One block which slipped through the planning net was Marine Gate, an eight-storey block of 105 flats built at Black Rock between 1937 and 1939. This block, at one time painted pink, is much bigger than neighbouring Kemp Town houses.
It is ironic some residents there now oppose even larger flats planned for the neighbouring marina.
Like Marine Court in St Leonard’s, it also boasted a restaurant but that was converted into housing in the 1950s.
Another handsome building of the era is Saltdean Lido, where the curved design was strongly influenced by that of the De La Warr Pavilion.
It was built just before the Second World War and closed during hostilities, not opening again until the mid-1950s.
The Lido declined in the 1990s and was in danger of becoming derelict. Fortunately, it was saved and is now one of the few lidos left on the English coast.
Also in Saltdean, the Ocean Hotel was built in 1938 in grand art deco style. It had 426 bedrooms in a main building and six detached blocks.
High on a hill, this large set of buildings still dominates the skyline in Saltdean. For many years it was run by the holiday camp king Billy Butlin and was later renamed the Grand Ocean Hotel.

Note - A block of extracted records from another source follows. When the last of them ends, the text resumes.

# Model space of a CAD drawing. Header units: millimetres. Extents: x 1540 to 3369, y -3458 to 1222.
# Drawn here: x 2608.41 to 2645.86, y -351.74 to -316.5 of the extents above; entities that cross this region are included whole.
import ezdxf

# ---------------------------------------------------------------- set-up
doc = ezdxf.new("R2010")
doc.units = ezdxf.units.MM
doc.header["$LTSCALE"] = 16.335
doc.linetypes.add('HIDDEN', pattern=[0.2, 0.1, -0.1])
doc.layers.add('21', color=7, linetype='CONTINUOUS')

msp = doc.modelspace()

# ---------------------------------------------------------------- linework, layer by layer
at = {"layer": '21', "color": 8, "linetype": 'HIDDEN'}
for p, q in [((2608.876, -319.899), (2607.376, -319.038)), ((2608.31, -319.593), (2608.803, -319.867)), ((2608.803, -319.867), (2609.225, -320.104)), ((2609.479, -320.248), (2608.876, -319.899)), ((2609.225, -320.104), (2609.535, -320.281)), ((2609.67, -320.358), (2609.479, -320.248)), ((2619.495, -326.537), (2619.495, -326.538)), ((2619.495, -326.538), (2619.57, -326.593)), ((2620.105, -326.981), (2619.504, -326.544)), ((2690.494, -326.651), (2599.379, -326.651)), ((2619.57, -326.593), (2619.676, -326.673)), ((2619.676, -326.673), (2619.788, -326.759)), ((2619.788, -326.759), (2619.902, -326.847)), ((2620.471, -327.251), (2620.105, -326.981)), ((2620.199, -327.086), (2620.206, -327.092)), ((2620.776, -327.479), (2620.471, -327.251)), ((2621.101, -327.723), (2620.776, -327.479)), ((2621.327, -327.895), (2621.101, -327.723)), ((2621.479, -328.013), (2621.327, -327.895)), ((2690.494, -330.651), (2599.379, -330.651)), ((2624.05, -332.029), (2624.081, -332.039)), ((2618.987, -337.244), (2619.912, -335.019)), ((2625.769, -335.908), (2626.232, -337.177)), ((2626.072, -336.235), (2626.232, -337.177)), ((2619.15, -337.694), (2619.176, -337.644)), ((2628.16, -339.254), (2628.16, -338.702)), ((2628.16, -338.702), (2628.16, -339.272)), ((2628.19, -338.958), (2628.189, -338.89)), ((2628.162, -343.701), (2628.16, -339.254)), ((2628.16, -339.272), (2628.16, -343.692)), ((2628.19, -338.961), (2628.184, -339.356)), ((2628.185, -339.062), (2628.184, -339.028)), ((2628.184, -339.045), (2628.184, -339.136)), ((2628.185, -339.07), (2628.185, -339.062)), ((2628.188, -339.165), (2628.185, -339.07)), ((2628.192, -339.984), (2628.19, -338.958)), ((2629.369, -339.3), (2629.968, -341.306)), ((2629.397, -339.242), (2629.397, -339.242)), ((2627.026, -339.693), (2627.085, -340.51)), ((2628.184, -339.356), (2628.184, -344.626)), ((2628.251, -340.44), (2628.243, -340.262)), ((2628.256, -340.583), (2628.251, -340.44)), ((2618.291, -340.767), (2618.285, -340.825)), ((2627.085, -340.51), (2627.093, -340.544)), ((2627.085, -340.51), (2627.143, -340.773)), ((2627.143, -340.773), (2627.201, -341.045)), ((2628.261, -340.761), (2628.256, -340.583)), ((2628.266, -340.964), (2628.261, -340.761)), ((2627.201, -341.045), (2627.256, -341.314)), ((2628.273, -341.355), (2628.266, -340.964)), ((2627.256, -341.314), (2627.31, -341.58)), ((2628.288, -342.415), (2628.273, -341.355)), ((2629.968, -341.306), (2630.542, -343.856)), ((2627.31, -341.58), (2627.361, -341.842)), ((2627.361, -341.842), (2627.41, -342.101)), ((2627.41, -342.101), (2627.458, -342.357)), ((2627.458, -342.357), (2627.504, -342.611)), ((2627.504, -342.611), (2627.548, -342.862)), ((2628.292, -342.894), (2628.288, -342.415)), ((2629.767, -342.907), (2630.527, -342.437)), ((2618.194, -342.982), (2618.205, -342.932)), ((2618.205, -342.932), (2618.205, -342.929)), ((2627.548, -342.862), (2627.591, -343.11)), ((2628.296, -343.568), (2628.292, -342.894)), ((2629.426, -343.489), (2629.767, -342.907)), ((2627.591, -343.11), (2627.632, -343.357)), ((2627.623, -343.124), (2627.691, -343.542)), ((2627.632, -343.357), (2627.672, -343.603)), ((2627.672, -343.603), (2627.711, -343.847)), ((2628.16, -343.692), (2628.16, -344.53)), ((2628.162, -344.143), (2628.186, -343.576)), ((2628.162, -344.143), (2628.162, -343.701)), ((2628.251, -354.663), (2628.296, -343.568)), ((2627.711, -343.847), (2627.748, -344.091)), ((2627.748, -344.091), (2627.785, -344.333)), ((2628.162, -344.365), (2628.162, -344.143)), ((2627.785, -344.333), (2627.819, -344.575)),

It is now being rebuilt and modernised.
The culture of radical architecture by the seaside was interrupted by the Second World War.
Although people flocked back to resorts in the 1940s and 1950s, there were few significant new seafront buildings.
When new buildings began to appear in resorts such as Brighton in the 1960s, they tended to be brutal rather than beautiful.
Sussex Heights is still the tallest building in the county but it is far less architecturally significant than Embassy Court, a few hundred yards down the road.